Periodic Reporting for period 4 - QuantGeomLangTFT (The Quantum Geometric Langlands Topological Field Theory)
Période du rapport: 2019-12-01 au 2021-05-31
The proposal seeks to address an important question at the interface of all of these fields: over the past two decades, experts in the field of topological field theory -- the study of how topological properties of a space or space-time impact the kinds of information the space can carry, and how that information glues as we glue together the spacetimes coherently -- have understood that there should be a 4-dimensional topological field theory associated to the data of a quantum group. Here a quantum group is a fundamental deformation of an algebraic group of symmetries. Algebraically these quantum groups by now are quite well understood, and indeed many connections to topological field theories in dimension 3 have been rigourously developed. However, the constructions so far have had strong limitations on the nature of the quantum groups which are considered -- typically they are required to "modular" categories, which have found a number of applications for instance to statistical mechanics and quantum computing, but are ultimately too compact to yield examples related to algebraic geometry and representation theory.

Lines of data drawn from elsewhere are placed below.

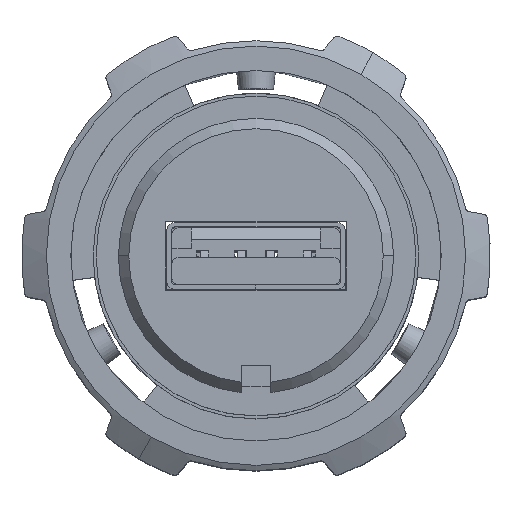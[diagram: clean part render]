
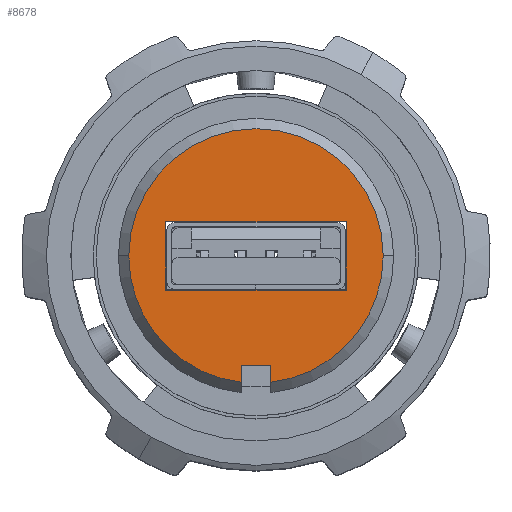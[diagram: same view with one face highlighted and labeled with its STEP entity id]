
A CAD part, top view. The second image highlights one B-rep face of the part: STEP entity #8678.
In plain terms, the highlighted face is planar.
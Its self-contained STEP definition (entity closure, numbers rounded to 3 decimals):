
#571 = ORIENTED_EDGE ( 'NONE', *, *, #32769, .F. ) ;
#1114 = VECTOR ( 'NONE', #8044, 1000. ) ;
#1284 = VERTEX_POINT ( 'NONE', #28945 ) ;
#1845 = ORIENTED_EDGE ( 'NONE', *, *, #14974, .F. ) ;
#2057 = DIRECTION ( 'NONE',  ( 0., 0., -1. ) ) ;
#2321 = LINE ( 'NONE', #23483, #1114 ) ;
#2483 = CIRCLE ( 'NONE', #13018, 8.55 ) ;
#3827 = EDGE_CURVE ( 'NONE', #29091, #33303, #2321, .T. ) ;
#4218 = DIRECTION ( 'NONE',  ( 0., -1., 0. ) ) ;
#4243 = ORIENTED_EDGE ( 'NONE', *, *, #15175, .F. ) ;
#4563 = LINE ( 'NONE', #15160, #25187 ) ;
#5226 = DIRECTION ( 'NONE',  ( 0., 0., -1. ) ) ;
#5228 = VERTEX_POINT ( 'NONE', #34061 ) ;
#5589 = VERTEX_POINT ( 'NONE', #20639 ) ;
#6197 = LINE ( 'NONE', #6367, #14381 ) ;
#6367 = CARTESIAN_POINT ( 'NONE',  ( -27.9, -2.3, 0. ) ) ;
#6452 = LINE ( 'NONE', #23599, #9389 ) ;
#6960 = VERTEX_POINT ( 'NONE', #18291 ) ;
#7272 = EDGE_LOOP ( 'NONE', ( #11603, #23255, #19505, #8201 ) ) ;
#7337 = FACE_OUTER_BOUND ( 'NONE', #19767, .T. ) ;
#7971 = AXIS2_PLACEMENT_3D ( 'NONE', #21669, #32272, #32097 ) ;
#8044 = DIRECTION ( 'NONE',  ( 0., -1., 0. ) ) ;
#8084 = VERTEX_POINT ( 'NONE', #21839 ) ;
#8201 = ORIENTED_EDGE ( 'NONE', *, *, #18964, .F. ) ;
#8480 = CARTESIAN_POINT ( 'NONE',  ( -27.9, -2.3, 6.05 ) ) ;
#8678 = ADVANCED_FACE ( 'NONE', ( #20852, #7337 ), #28850, .F. ) ;
#9386 = VECTOR ( 'NONE', #15297, 1000. ) ;
#9389 = VECTOR ( 'NONE', #17720, 1000. ) ;
#9442 = CARTESIAN_POINT ( 'NONE',  ( -27.9, 0., 8.55 ) ) ;
#9925 = LINE ( 'NONE', #15817, #9386 ) ;
#11046 = VECTOR ( 'NONE', #2057, 1000. ) ;
#11603 = ORIENTED_EDGE ( 'NONE', *, *, #29105, .F. ) ;
#12642 = CARTESIAN_POINT ( 'NONE',  ( -27.9, 2.3, 0. ) ) ;
#12925 = CIRCLE ( 'NONE', #32345, 8.55 ) ;
#13018 = AXIS2_PLACEMENT_3D ( 'NONE', #28632, #20814, #15802 ) ;
#14381 = VECTOR ( 'NONE', #32923, 1000. ) ;
#14974 = EDGE_CURVE ( 'NONE', #1284, #33925, #12925, .T. ) ;
#15160 = CARTESIAN_POINT ( 'NONE',  ( -27.9, 0., -1. ) ) ;
#15175 = EDGE_CURVE ( 'NONE', #5589, #1284, #26248, .T. ) ;
#15255 = LINE ( 'NONE', #12642, #11046 ) ;
#15297 = DIRECTION ( 'NONE',  ( 0., 1., 0. ) ) ;
#15527 = CARTESIAN_POINT ( 'NONE',  ( -27.9, -7.396, -1. ) ) ;
#15802 = DIRECTION ( 'NONE',  ( 0., 0., -1. ) ) ;
#15817 = CARTESIAN_POINT ( 'NONE',  ( -27.9, 0., 1. ) ) ;
#17163 = VECTOR ( 'NONE', #5226, 1000. ) ;
#17720 = DIRECTION ( 'NONE',  ( 0., 1., 0. ) ) ;
#17922 = DIRECTION ( 'NONE',  ( 0., 0., -1. ) ) ;
#18291 = CARTESIAN_POINT ( 'NONE',  ( -27.9, -8.491, 1. ) ) ;
#18566 = EDGE_CURVE ( 'NONE', #6960, #5228, #9925, .T. ) ;
#18964 = EDGE_CURVE ( 'NONE', #8084, #29091, #15255, .T. ) ;
#19505 = ORIENTED_EDGE ( 'NONE', *, *, #3827, .F. ) ;
#19623 = CARTESIAN_POINT ( 'NONE',  ( -27.9, 2.3, -6.05 ) ) ;
#19640 = CARTESIAN_POINT ( 'NONE',  ( -27.9, 0., 0. ) ) ;
#19767 = EDGE_LOOP ( 'NONE', ( #32640, #29613, #1845, #4243, #571, #33264 ) ) ;
#20324 = LINE ( 'NONE', #23262, #17163 ) ;
#20639 = CARTESIAN_POINT ( 'NONE',  ( -27.9, -8.491, -1. ) ) ;
#20650 = CARTESIAN_POINT ( 'NONE',  ( -27.9, -2.3, -6.05 ) ) ;
#20814 = DIRECTION ( 'NONE',  ( 1., 0., 0. ) ) ;
#20852 = FACE_BOUND ( 'NONE', #7272, .T. ) ;
#21669 = CARTESIAN_POINT ( 'NONE',  ( -27.9, 0., 0. ) ) ;
#21839 = CARTESIAN_POINT ( 'NONE',  ( -27.9, 2.3, 6.05 ) ) ;
#22414 = DIRECTION ( 'NONE',  ( 1., 0., 0. ) ) ;
#22799 = VERTEX_POINT ( 'NONE', #15527 ) ;
#23255 = ORIENTED_EDGE ( 'NONE', *, *, #27849, .F. ) ;
#23262 = CARTESIAN_POINT ( 'NONE',  ( -27.9, -7.396, 0. ) ) ;
#23483 = CARTESIAN_POINT ( 'NONE',  ( -27.9, 0., -6.05 ) ) ;
#23599 = CARTESIAN_POINT ( 'NONE',  ( -27.9, 0., 6.05 ) ) ;
#24695 = DIRECTION ( 'NONE',  ( 0., 0., -1. ) ) ;
#25187 = VECTOR ( 'NONE', #4218, 1000. ) ;
#25219 = VERTEX_POINT ( 'NONE', #8480 ) ;
#26248 = CIRCLE ( 'NONE', #7971, 8.55 ) ;
#27849 = EDGE_CURVE ( 'NONE', #33303, #25219, #6197, .T. ) ;
#28632 = CARTESIAN_POINT ( 'NONE',  ( -27.9, 0., 0. ) ) ;
#28850 = PLANE ( 'NONE',  #31919 ) ;
#28945 = CARTESIAN_POINT ( 'NONE',  ( -27.9, 0., -8.55 ) ) ;
#29091 = VERTEX_POINT ( 'NONE', #19623 ) ;
#29105 = EDGE_CURVE ( 'NONE', #25219, #8084, #6452, .T. ) ;
#29613 = ORIENTED_EDGE ( 'NONE', *, *, #33300, .F. ) ;
#29975 = EDGE_CURVE ( 'NONE', #5228, #22799, #20324, .T. ) ;
#31442 = DIRECTION ( 'NONE',  ( 1., 0., 0. ) ) ;
#31919 = AXIS2_PLACEMENT_3D ( 'NONE', #34071, #31442, #17922 ) ;
#32097 = DIRECTION ( 'NONE',  ( 0., 0., -1. ) ) ;
#32272 = DIRECTION ( 'NONE',  ( 1., 0., 0. ) ) ;
#32345 = AXIS2_PLACEMENT_3D ( 'NONE', #19640, #22414, #24695 ) ;
#32640 = ORIENTED_EDGE ( 'NONE', *, *, #18566, .F. ) ;
#32769 = EDGE_CURVE ( 'NONE', #22799, #5589, #4563, .T. ) ;
#32923 = DIRECTION ( 'NONE',  ( 0., 0., 1. ) ) ;
#33264 = ORIENTED_EDGE ( 'NONE', *, *, #29975, .F. ) ;
#33300 = EDGE_CURVE ( 'NONE', #33925, #6960, #2483, .T. ) ;
#33303 = VERTEX_POINT ( 'NONE', #20650 ) ;
#33925 = VERTEX_POINT ( 'NONE', #9442 ) ;
#34061 = CARTESIAN_POINT ( 'NONE',  ( -27.9, -7.396, 1. ) ) ;
#34071 = CARTESIAN_POINT ( 'NONE',  ( -27.9, 0., 0. ) ) ;

In the final stages of the product we have obtained a number of important applications of our earlier foundational work. We have proved a long-standing and well-known conjecture of the physicist Edward Witten, stating that certain very natural Hilbert spaces of quantum states on a 3-dimensional space time, comprised of so-called Wilson loop expectations, is actually a finite-dimensional vector space. In related work we proved that the boundary operators for this theory -- coming from the value of the theory on surfaces -- have a strong finiteness and invertibility property relative to their classical degeneration. This established a refined version of the Unicity Conjecture of Bonahon and Wong. Finally, we established a fundamental conjecture of Freed, Teleman and Walker, which describes the general algebraic structure one needs to capture four-dimensional symmetries -- anomalies, in physical parlance -- acting on 3-dimensional topological field theories. In establishing their conjecture, we in fact found new and important examples extending the original formulation. Finally, we have taken the first step towards understanding the algebraic structures involved in spaces with defects, by computing categories of surface operators in a 4-dimensional theory in the framework of cluster algebras and canonical quantization.